Mobile malware sends premium rate SMS messages

Mobile phone malware sending SMS text messages

The world of mobile malware isn’t completely dormant.

Although we have been waiting almost ten years now for the dire predictions of some security companies to come true about the tidalwave of mobile malware waiting for us “real soon now”, there are still the occasional sightings of new malicious code which affects mobile phones.

These new mobile phone viruses are treated as something of a curiousity inside our labs, and analysts who normally spend all day examining mostly Windows-related malware may view it as a nice distraction from the run-of-the-mill malicious code.

The latest example to arrive in SophosLabs is Troj/Konov-A, a Trojan horse that doles out SMS text messages to premium rate numbers (thus, apparently generating revenue for the perpetrators).

That means that the Trojan, which appears to originate from Russia, also costs the user money of course.

It’s apparent that Konov isn’t the first piece of malware to try such a trick.
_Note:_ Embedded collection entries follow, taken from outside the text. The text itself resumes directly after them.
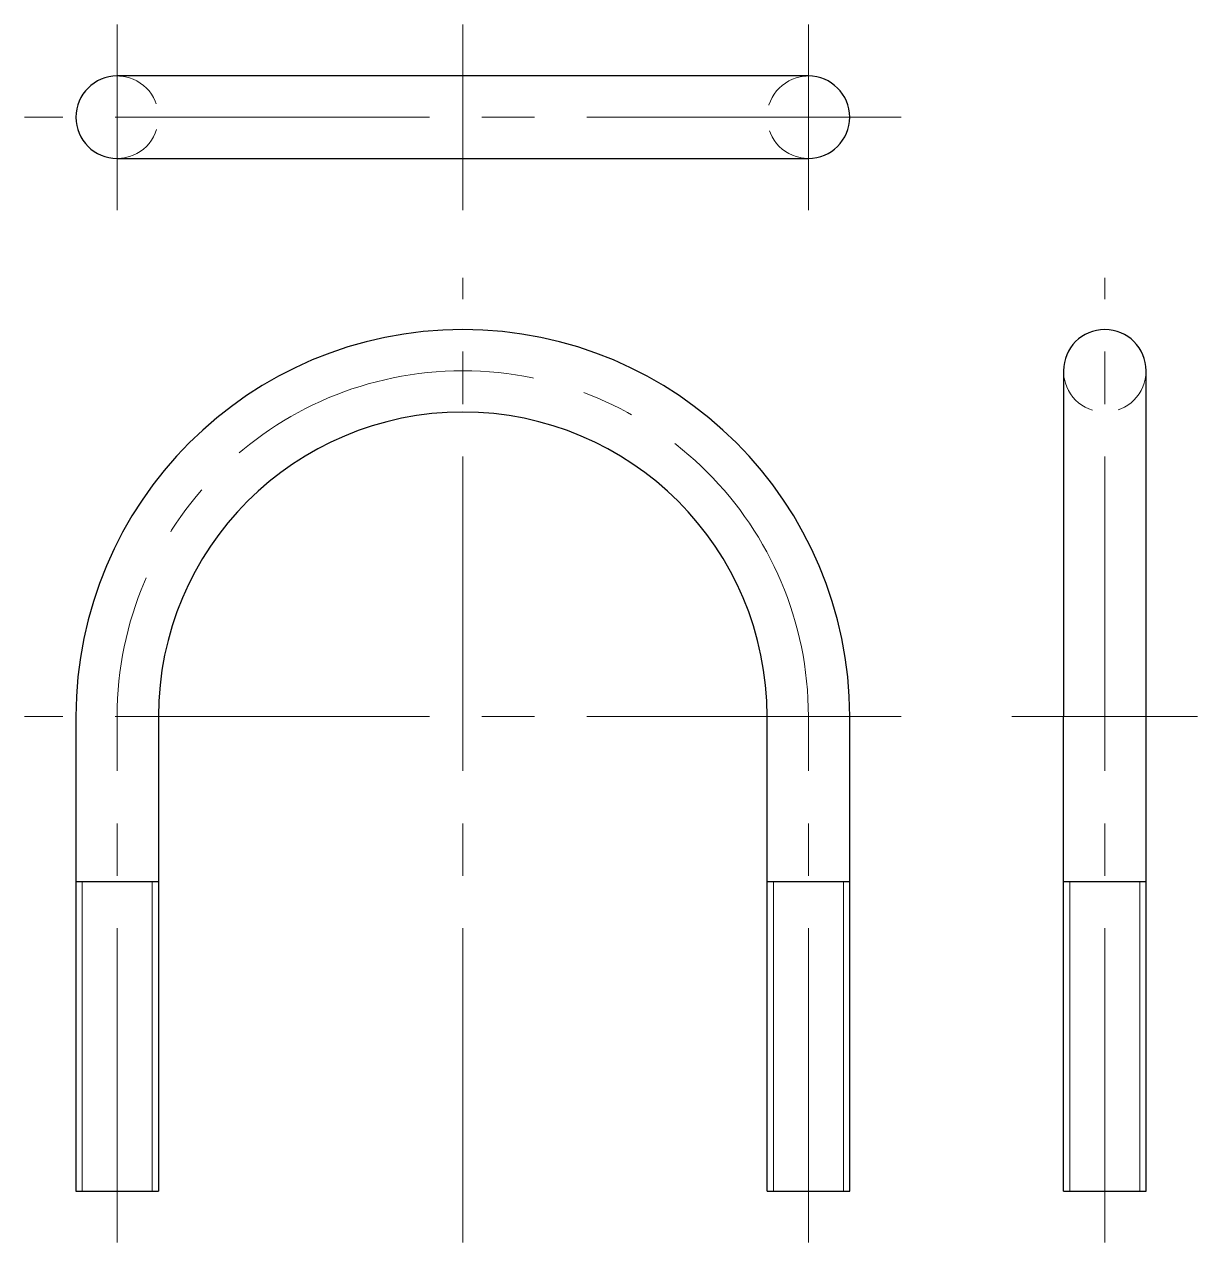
# Model space of a CAD drawing. Header units: millimetres. Extents: x 0 to 49006, y -7876 to 6995.
# Drawn here: x 17616.1 to 17843.6, y -5983.4 to -5747.2 of the extents above; entities that cross this region are included whole.
import ezdxf

# ---------------------------------------------------------------- set-up
doc = ezdxf.new("R2010")
doc.units = ezdxf.units.MM
doc.header["$LTSCALE"] = 3.2
doc.linetypes.add('CENTER2', pattern=[28.575, 19.05, -3.175, 3.175, -3.175])
doc.linetypes.add('HIDDEN2', pattern=[4.7625, 3.175, -1.5875])
for name, color, linetype, lineweight in [('01_外形線', 7, 'Continuous', 25), ('02_細線', 5, 'Continuous', 13), ('03_かくれ線', 6, 'HIDDEN2', 13), ('04_中心線', 1, 'CENTER2', 9)]:
    doc.layers.add(name, color=color, linetype=linetype, lineweight=lineweight)

msp = doc.modelspace()

# ---------------------------------------------------------------- linework, layer by layer
at = {"layer": '01_外形線'}
for p, q in [((17768.143, -5757.229), (17634.143, -5757.229)), ((17634.143, -5773.229), (17768.143, -5773.229)), ((17817.601, -5814.389), (17817.601, -5881.389)), ((17833.601, -5881.389), (17833.601, -5814.389)), ((17626.143, -5881.389), (17626.143, -5973.389)), ((17642.143, -5881.389), (17642.143, -5973.389)), ((17760.143, -5973.389), (17760.143, -5881.389)), ((17776.143, -5973.389), (17776.143, -5881.389)), ((17817.601, -5973.389), (17817.601, -5881.389)), ((17833.601, -5973.389), (17833.601, -5881.389)), ((17626.143, -5913.389), (17642.143, -5913.389)), ((17760.143, -5913.389), (17776.143, -5913.389)), ((17817.601, -5913.389), (17833.601, -5913.389)), ((17626.143, -5973.389), (17642.143, -5973.389)), ((17760.143, -5973.389), (17776.143, -5973.389)), ((17817.601, -5973.389), (17833.601, -5973.389))]:
    msp.add_line(p, q, dxfattribs=at)
for centre, radius, start, end in [((17634.143, -5765.229), 8, 90, 270), ((17768.143, -5765.229), 8, 270, 90), ((17701.143, -5881.389), 75, 0, 180), ((17825.601, -5814.389), 8, 0, 180), ((17701.143, -5881.389), 59, 0, 180)]:
    msp.add_arc(centre, radius, start, end, dxfattribs=at)
at = {"layer": '02_細線'}
for p, q in [((17627.349, -5913.389), (17627.349, -5973.389)), ((17640.938, -5973.389), (17640.938, -5913.389)), ((17761.349, -5913.389), (17761.349, -5973.389)), ((17774.938, -5973.389), (17774.938, -5913.389)), ((17818.806, -5913.389), (17818.806, -5973.389)), ((17832.395, -5973.389), (17832.395, -5913.389))]:
    msp.add_line(p, q, dxfattribs=at)
at = {"layer": '03_かくれ線'}
for centre, start, end in [((17634.143, -5765.229), 270, 90), ((17768.143, -5765.229), 90, 270), ((17825.601, -5814.389), 180, 0)]:
    msp.add_arc(centre, 8, start, end, dxfattribs=at)
at = {"layer": '04_中心線'}
for p, q in [((17634.143, -5783.229), (17634.143, -5747.229)), ((17701.143, -5783.229), (17701.143, -5747.229)), ((17768.143, -5783.229), (17768.143, -5747.229)), ((17786.143, -5765.229), (17616.143, -5765.229)), ((17701.143, -5983.389), (17701.143, -5796.389)), ((17825.601, -5983.389), (17825.601, -5796.389)), ((17786.143, -5881.389), (17616.143, -5881.389)), ((17634.143, -5983.389), (17634.143, -5881.389)), ((17768.143, -5983.389), (17768.143, -5881.389)), ((17843.601, -5881.389), (17807.601, -5881.389))]:
    msp.add_line(p, q, dxfattribs=at)
msp.add_arc((17701.143, -5881.389), 67, 0, 180, dxfattribs=at)

doc.saveas('drawing.dxf')

For instance, in March 2006 the Redbrow Trojan horse attempted to perpetrate a similar ruse but according to our friends at Moscow-based security company Kaspersky, Konov is also being spread via social networking websites like Vkontakte (a Russian Facebook-lookalike).

By the way, there is a significant security problem on mobile phones – but it isn’t primarily the malware issue. Although phone users (especially smartphone owners) should exercise caution over which programs they install, and what links they click on, from their device, the main security issue with phones is that users lose them. They leave them on trains, they slip down the back of cinema seats, or they get stolen while you’re in Starbucks.

If your phone is carrying information that might be useful to a criminal (and more and more of them do exactly that) then you best make sure that the information is properly secured behind a password and strong encryption, or potentially face the consequences.